MADRID, 9 Ago. – –
Average payout for ‘ransomware’ has risen 82 percent in the first half of the year, an increase that is linked to employing increasingly aggressive tactics to force organizations to pay larger ransoms, such as the so.called ‘quadruple extortion’ that can involve everything from encryption and data theft to the closure of the victim’s website or harassment.
The ransomware crisis continues to intensify as criminal companies increase investment in highly profitable ransomware operations, as highlighted by Palo Alto Networks’ security consulting group Unit 42.
Company data shows an increase of the “quadruple extortion”, a trend identified by Unit 42 consultants while monitoring dozens of ‘ransomware’ cases in the first half of 2021, as explained in a statement sent to Europa Press.
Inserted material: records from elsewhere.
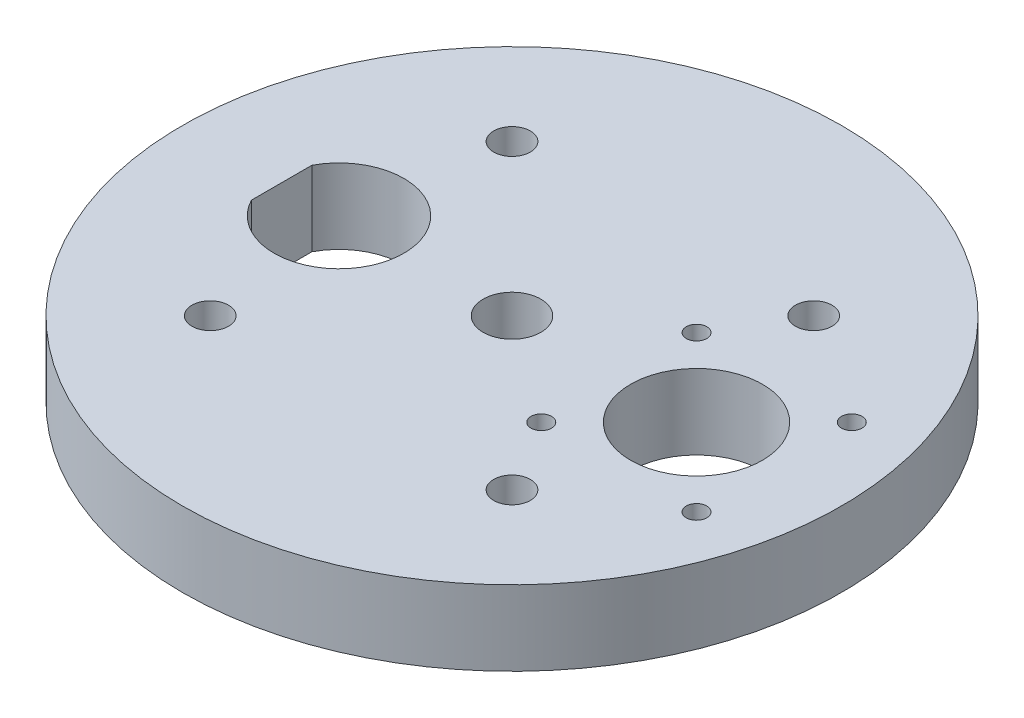
SolidWorks part; units mm, degrees
ref_plane "Front Plane" through (0, 0, 0) normal (0, 0, 1) x (1, 0, 0)
ref_plane "Top Plane" through (0, 0, 0) normal (0, 1, 0) x (1, 0, 0)
ref_plane "Right Plane" through (0, 0, 0) normal (1, 0, 0) x (0, 0, -1)
sketch "Sketch2" plane through (0, 0, 0) normal (0, 1, 0) x (1, 0, 0)
  circle A0 centre (0, 0) radius 57.15
  dimension "D1" = 114.3
extrude "Boss-Extrude1" add sketch "Sketch2" along normal blind 13 contours A0
sketch "Sketch6" plane through (0, 13, 0) normal (0, 1, 0) x (1, 0, 0)
  circle A0 centre (-26.1629, -26.1629) radius 3.175
  circle A1 centre (26.1629, -26.1629) radius 3.175
  circle A2 centre (-26.1629, 26.1631) radius 3.175
  circle A3 centre (26.1629, 26.1631) radius 3.175
  dimension "D1" = 6.35
  dimension "D2" = 74
  dimension "D3" = 26.1629
  dimension "D4" = 26.1629
  dimension "D5" = 26.1629
extrude "Cut-Extrude1" cut sketch "Sketch6" against normal up to next
sketch "Sketch7" plane through (0, 13, 0) normal (0, 1, 0) x (1, 0, 0)
  circle A0 centre (32, 0) radius 11.43
  circle A3 centre (18.54, -13.464) radius 1.778
  circle A4 centre (18.54, 13.46) radius 1.778
  circle A5 centre (45.46, 13.46) radius 1.778
  circle A6 centre (45.46, -13.464) radius 1.778
  circle A8 centre (26.1629, -26.1629) radius 3.175 construction
  dimension "D1" = 22.86
  dimension "D2" = 3.556
  dimension "D3" = 3.556
  dimension "D4" = 3.556
  dimension "D5" = 3.556
  dimension "D6" = 13.46
  dimension "D7" = 13.46
  dimension "D8" = 13.46
  dimension "D9" = 13.464
  dimension "D10" = 32
extrude "Cut-Extrude2" cut sketch "Sketch7" against normal through all
sketch "Sketch8" plane through (0, 13, 0) normal (0, 1, 0) x (1, 0, 0)
  line L0 (-39.95, 5.2498) -> (-39.95, -5.2498)
  circle A2 centre (0, 0) radius 5
  arc A3 (-39.95, -5.2498) -> (-39.95, 5.2498) centre (-30, 0) ccw
  dimension "D1" = 9.95
  dimension "D3" = 10
  dimension "D4" = 22.5
  dimension "D5" = 30
extrude "Cut-Extrude3" cut sketch "Sketch8" against normal through all
equation "\"width\"=26.1629"
equation "\"D4@Sketch6\"=\"width\""
equation "\"D3@Sketch6\"=\"width\""
equation "\"D5@Sketch6\"=\"width\""

This trend means that ransomware operators often use up to four techniques to pressure victims for them to pay. The best known is encryption, for which they pay to regain access to encrypted data and compromised computer systems, which stop working because key files are encrypted.
But they also effect data theft, causing cybercriminals to disclose confidential information if a ransom is not paid, or launch denial of service attacks (DDoS) that shut down the victim’s public websites.
To this is added harassment; Cybercriminals contact customers, business partners, employees, and the media to inform them that the organization has been hacked.
From the cybersecurity company they point out that it is “rare” for an organization to be a victim of the four techniques. However, its analysts have seen how ransomware gangs use different approaches when victims don’t want to pay. That’s double what appeared in Unit 42’s Ransomware Threat Report in 2021, which covered 2020 trends and pointed to double encryption as an emerging trend.
As they adopt these new approaches to extortion, the ‘ransomware’ gangs become more greedy. Average demand for a bailout increased 518 percent in the first half of 2021, reaching 5.3 million dollars (4.5 million euros), compared to the 2020 average that was 847,000 dollars (about 720,000 euros).
The highest single victim ransom demand ever counted by Unit 42 consultants reached $ 50 million (nearly € 43 million) in the first half of 2021, topping the $ 30 million figure (about $ 26 million). euros) reached last year.
Additionally, REvil recently tested a new approach to offer a universal decryption key to all organizations affected by the Kaseya attack, for a price of 70 million dollars (60 million euros), although it quickly reduced it to 50 million. Kaseya eventually obtained a universal decryption key, but it is unclear what amount was paid, if any.
The company indicates that the average payment for ‘ransomware’ has increased 82 percent in the first half of the year, reaching a record $ 570,000 (about 485,000 euros). The increase comes after last year’s average payment rose 171 percent, topping $ 312,000 (just over € 265,000).
The largest confirmed payment so far this year has been $ 11 million (9.35 million euros), according to the data revealed by JBS SA after a massive attack in June. Last year, the largest payment observed by the cybersecurity company was 10 million (about 8.5 million euros).